Judiciary adjusts budget
Mr. Jordan next takes umbrage with my recount of how the Judiciary’s budget was presented prior to 2015. I recited that the said budget would have been prepared by the Judiciary, in consultation with the Ministry of Finance and the final product was included in the budget of the Ministry of Legal Affairs and submitted to the Ministry of Finance to be consolidated as part of the National Estimates of Expenditure. I pointed out that the practice was, that the Minister of Legal Affairs never altered, or in any manner whatsoever, interfered with the budget of the Judiciary. As a counter, Mr. Jordan argues, that when the budget of the Judiciary was presented to the Ministry of Finance during that consultative process, it was reduced. He gave the years 2013 and 2014 as examples. That may be so. Since it is impossible to conceive that any entity within the state apparatus would be endowed with the fiscal freedom to prepare a budget, to be funded from public funds, without regard to the ability of the State to fund that budget. Obviously, the Minister of Finance, as the custodian of public funds, must have a say, having regard to the State’s financial affordability. To address this dilemma, the practice has always been for the budget of the Judiciary to be agreed upon, having regard to the affordability of the State, through a consultative process by the Judiciary and the Minister of Finance. Significantly, via this process, it is the Judiciary that would have been requested to adjust its budget to meet the recommendations of the Minister of Finance and not the Minister of Finance unilaterally and without consultation, cutting the Judiciary’s budget. This practice allows the Judiciary the fiscal autonomy to determine what it will adjust, where the adjustment are going to be made and by what amounts. In short, this practice did not unduly restrict or interfere with the financial autonomy of the Judiciary.
Appearance is as important as realit
These subtleties are lost upon Mr. Jordan. Indeed, the new procedure, promulgated by Mr. Jordan, nakedly deprives the Judiciary of the very financial autonomy about which he boasts. By this new procedure, the budget of the Judiciary is presented to the Clerk of the National Assembly and the Minister of Finance, without any consultation whatsoever capriciously, arbitrarily and whimsically moves a motion and cuts the lump-sum budget proposals of the Judiciary without any regard whatsoever of the impact such reduction will have, on the Judiciary’s ability to discharge its functions. Significantly, this is done on the floor of the Parliament, for the nation to witness, that the Judiciary’s budget is subject to the whim and fancy of the Minister of Finance. This must appear to the public to be the very antithesis of financial autonomy. Sometimes, the appearance is as important as the reality.
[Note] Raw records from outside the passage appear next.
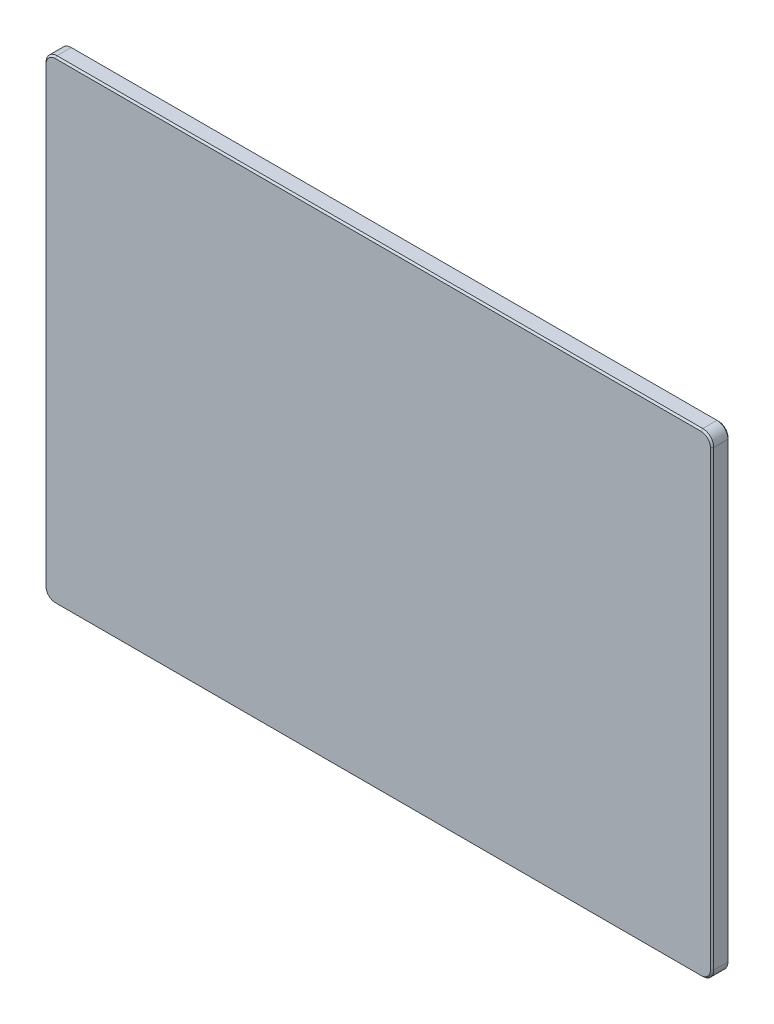
ISO-10303-21;
HEADER;
FILE_DESCRIPTION(('STEP AP214'),'2;1');
FILE_NAME('part.step','',(''),(''),'','','');
FILE_SCHEMA(('AUTOMOTIVE_DESIGN { 1 0 10303 214 1 1 1 1 }'));
ENDSEC;
DATA;
#1=APPLICATION_CONTEXT('core data for automotive mechanical design processes');
#2=APPLICATION_PROTOCOL_DEFINITION('international standard','automotive_design',2000,#1);
#3=PRODUCT_CONTEXT('',#1,'mechanical');
#4=PRODUCT('Part','Part','',(#3));
#5=PRODUCT_RELATED_PRODUCT_CATEGORY('part','',(#4));
#6=PRODUCT_DEFINITION_FORMATION('','',#4);
#7=PRODUCT_DEFINITION_CONTEXT('part definition',#1,'design');
#8=PRODUCT_DEFINITION('design','',#6,#7);
#9=PRODUCT_DEFINITION_SHAPE('','',#8);
#10=(LENGTH_UNIT() NAMED_UNIT(*) SI_UNIT(.MILLI.,.METRE.));
#11=(NAMED_UNIT(*) PLANE_ANGLE_UNIT() SI_UNIT($,.RADIAN.));
#12=(NAMED_UNIT(*) SI_UNIT($,.STERADIAN.) SOLID_ANGLE_UNIT());
#13=UNCERTAINTY_MEASURE_WITH_UNIT(LENGTH_MEASURE(1.E-05),#10,'distance_accuracy_value','');
#14=(GEOMETRIC_REPRESENTATION_CONTEXT(3) GLOBAL_UNCERTAINTY_ASSIGNED_CONTEXT((#13)) GLOBAL_UNIT_ASSIGNED_CONTEXT((#10,
#11,#12)) REPRESENTATION_CONTEXT('',''));
#15=CARTESIAN_POINT('',(0.,0.,0.));
#16=DIRECTION('',(0.,0.,1.));
#17=DIRECTION('',(1.,0.,0.));
#18=AXIS2_PLACEMENT_3D('',#15,#16,#17);
#19=CARTESIAN_POINT('',(-152.65,108.5,0.));
#20=DIRECTION('',(-1.,0.,0.));
#21=DIRECTION('',(0.,0.,1.));
#22=AXIS2_PLACEMENT_3D('',#19,#20,#21);
#23=PLANE('',#22);
#24=DIRECTION('',(0.,0.,1.));
#25=VECTOR('',#24,1.);
#26=CARTESIAN_POINT('',(-152.65,-103.5,0.));
#27=LINE('',#26,#25);
#28=CARTESIAN_POINT('',(-152.65,-103.5,0.749999999999918));
#29=VERTEX_POINT('',#28);
#30=CARTESIAN_POINT('',(-152.65,-103.5,7.24999999999992));
#31=VERTEX_POINT('',#30);
#32=EDGE_CURVE('E304',#29,#31,#27,.T.);
#33=ORIENTED_EDGE('',*,*,#32,.T.);
#34=DIRECTION('',(0.,1.,0.));
#35=VECTOR('',#34,1.);
#36=CARTESIAN_POINT('',(-152.65,108.5,7.24999999999992));
#37=LINE('',#36,#35);
#38=CARTESIAN_POINT('',(-152.65,103.5,7.24999999999992));
#39=VERTEX_POINT('',#38);
#40=EDGE_CURVE('E228',#31,#39,#37,.T.);
#41=ORIENTED_EDGE('',*,*,#40,.T.);
#42=DIRECTION('',(0.,0.,1.));
#43=VECTOR('',#42,1.);
#44=CARTESIAN_POINT('',(-152.65,103.5,0.));
#45=LINE('',#44,#43);
#46=CARTESIAN_POINT('',(-152.65,103.5,0.749999999999917));
#47=VERTEX_POINT('',#46);
#48=EDGE_CURVE('E170',#39,#47,#45,.F.);
#49=ORIENTED_EDGE('',*,*,#48,.T.);
#50=DIRECTION('',(0.,-1.,0.));
#51=VECTOR('',#50,1.);
#52=CARTESIAN_POINT('',(-152.65,-103.5,0.749999999999917));
#53=LINE('',#52,#51);
#54=EDGE_CURVE('E235',#47,#29,#53,.T.);
#55=ORIENTED_EDGE('',*,*,#54,.T.);
#56=EDGE_LOOP('',(#33,#41,#49,#55));
#57=FACE_BOUND('',#56,.T.);
#58=ADVANCED_FACE('F33',(#57),#23,.T.);
#59=CARTESIAN_POINT('',(152.65,108.5,0.));
#60=DIRECTION('',(0.,1.,0.));
#61=DIRECTION('',(0.,0.,1.));
#62=AXIS2_PLACEMENT_3D('',#59,#60,#61);
#63=PLANE('',#62);
#64=DIRECTION('',(0.,0.,1.));
#65=VECTOR('',#64,1.);
#66=CARTESIAN_POINT('',(-147.65,108.5,0.));
#67=LINE('',#66,#65);
#68=CARTESIAN_POINT('',(-147.65,108.5,0.749999999999918));
#69=VERTEX_POINT('',#68);
#70=CARTESIAN_POINT('',(-147.65,108.5,7.24999999999992));
#71=VERTEX_POINT('',#70);
#72=EDGE_CURVE('E314',#69,#71,#67,.T.);
#73=ORIENTED_EDGE('',*,*,#72,.T.);
#74=DIRECTION('',(1.,0.,0.));
#75=VECTOR('',#74,1.);
#76=CARTESIAN_POINT('',(152.65,108.5,7.24999999999992));
#77=LINE('',#76,#75);
#78=CARTESIAN_POINT('',(147.65,108.5,7.24999999999992));
#79=VERTEX_POINT('',#78);
#80=EDGE_CURVE('E287',#71,#79,#77,.T.);
#81=ORIENTED_EDGE('',*,*,#80,.T.);
#82=DIRECTION('',(0.,0.,1.));
#83=VECTOR('',#82,1.);
#84=CARTESIAN_POINT('',(147.65,108.5,0.));
#85=LINE('',#84,#83);
#86=CARTESIAN_POINT('',(147.65,108.5,0.749999999999918));
#87=VERTEX_POINT('',#86);
#88=EDGE_CURVE('E312',#79,#87,#85,.F.);
#89=ORIENTED_EDGE('',*,*,#88,.T.);
#90=DIRECTION('',(-1.,0.,0.));
#91=VECTOR('',#90,1.);
#92=CARTESIAN_POINT('',(-147.65,108.5,0.749999999999917));
#93=LINE('',#92,#91);
#94=EDGE_CURVE('E290',#87,#69,#93,.T.);
#95=ORIENTED_EDGE('',*,*,#94,.T.);
#96=EDGE_LOOP('',(#73,#81,#89,#95));
#97=FACE_BOUND('',#96,.T.);
#98=ADVANCED_FACE('F345',(#97),#63,.T.);
#99=CARTESIAN_POINT('',(152.65,-108.5,0.));
#100=DIRECTION('',(1.,0.,0.));
#101=DIRECTION('',(0.,0.,-1.));
#102=AXIS2_PLACEMENT_3D('',#99,#100,#101);
#103=PLANE('',#102);
#104=DIRECTION('',(0.,0.,1.));
#105=VECTOR('',#104,1.);
#106=CARTESIAN_POINT('',(152.65,103.5,0.));
#107=LINE('',#106,#105);
#108=CARTESIAN_POINT('',(152.65,103.5,0.749999999999917));
#109=VERTEX_POINT('',#108);
#110=CARTESIAN_POINT('',(152.65,103.5,7.24999999999992));
#111=VERTEX_POINT('',#110);
#112=EDGE_CURVE('E317',#109,#111,#107,.T.);
#113=ORIENTED_EDGE('',*,*,#112,.T.);
#114=DIRECTION('',(0.,-1.,0.));
#115=VECTOR('',#114,1.);
#116=CARTESIAN_POINT('',(152.65,-108.5,7.24999999999992));
#117=LINE('',#116,#115);
#118=CARTESIAN_POINT('',(152.65,-103.5,7.24999999999992));
#119=VERTEX_POINT('',#118);
#120=EDGE_CURVE('E237',#111,#119,#117,.T.);
#121=ORIENTED_EDGE('',*,*,#120,.T.);
#122=DIRECTION('',(0.,0.,1.));
#123=VECTOR('',#122,1.);
#124=CARTESIAN_POINT('',(152.65,-103.5,0.));
#125=LINE('',#124,#123);
#126=CARTESIAN_POINT('',(152.65,-103.5,0.749999999999918));
#127=VERTEX_POINT('',#126);
#128=EDGE_CURVE('E176',#119,#127,#125,.F.);
#129=ORIENTED_EDGE('',*,*,#128,.T.);
#130=DIRECTION('',(0.,1.,0.));
#131=VECTOR('',#130,1.);
#132=CARTESIAN_POINT('',(152.65,103.5,0.749999999999917));
#133=LINE('',#132,#131);
#134=EDGE_CURVE('E234',#127,#109,#133,.T.);
#135=ORIENTED_EDGE('',*,*,#134,.T.);
#136=EDGE_LOOP('',(#113,#121,#129,#135));
#137=FACE_BOUND('',#136,.T.);
#138=ADVANCED_FACE('F323',(#137),#103,.T.);
#139=CARTESIAN_POINT('',(-152.65,-108.5,0.));
#140=DIRECTION('',(0.,-1.,0.));
#141=DIRECTION('',(0.,0.,-1.));
#142=AXIS2_PLACEMENT_3D('',#139,#140,#141);
#143=PLANE('',#142);
#144=DIRECTION('',(0.,0.,1.));
#145=VECTOR('',#144,1.);
#146=CARTESIAN_POINT('',(147.65,-108.5,0.));
#147=LINE('',#146,#145);
#148=CARTESIAN_POINT('',(147.65,-108.5,0.749999999999917));
#149=VERTEX_POINT('',#148);
#150=CARTESIAN_POINT('',(147.65,-108.5,7.24999999999992));
#151=VERTEX_POINT('',#150);
#152=EDGE_CURVE('E306',#149,#151,#147,.T.);
#153=ORIENTED_EDGE('',*,*,#152,.T.);
#154=DIRECTION('',(-1.,0.,0.));
#155=VECTOR('',#154,1.);
#156=CARTESIAN_POINT('',(-152.65,-108.5,7.24999999999992));
#157=LINE('',#156,#155);
#158=CARTESIAN_POINT('',(-147.65,-108.5,7.24999999999992));
#159=VERTEX_POINT('',#158);
#160=EDGE_CURVE('E253',#151,#159,#157,.T.);
#161=ORIENTED_EDGE('',*,*,#160,.T.);
#162=DIRECTION('',(0.,0.,1.));
#163=VECTOR('',#162,1.);
#164=CARTESIAN_POINT('',(-147.65,-108.5,0.));
#165=LINE('',#164,#163);
#166=CARTESIAN_POINT('',(-147.65,-108.5,0.749999999999917));
#167=VERTEX_POINT('',#166);
#168=EDGE_CURVE('E309',#159,#167,#165,.F.);
#169=ORIENTED_EDGE('',*,*,#168,.T.);
#170=DIRECTION('',(1.,0.,0.));
#171=VECTOR('',#170,1.);
#172=CARTESIAN_POINT('',(147.65,-108.5,0.749999999999917));
#173=LINE('',#172,#171);
#174=EDGE_CURVE('E251',#167,#149,#173,.T.);
#175=ORIENTED_EDGE('',*,*,#174,.T.);
#176=EDGE_LOOP('',(#153,#161,#169,#175));
#177=FACE_BOUND('',#176,.T.);
#178=ADVANCED_FACE('F374',(#177),#143,.T.);
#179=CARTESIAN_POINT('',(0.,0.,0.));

The Honourable Minister attempts to upbraid me in the closing paragraph of his letter for “peddling untruths about matters that are largely out of” my remit. I wish to assure Mr. Jordan, that as long as Guyana continues to be a fledgling democracy, the duty of every Government shall be to govern in accordance with the Constitution and the Law of this land and my remit will always be to ensure that duty is discharged in every sphere of Government. My remit, therefore, is Government itself.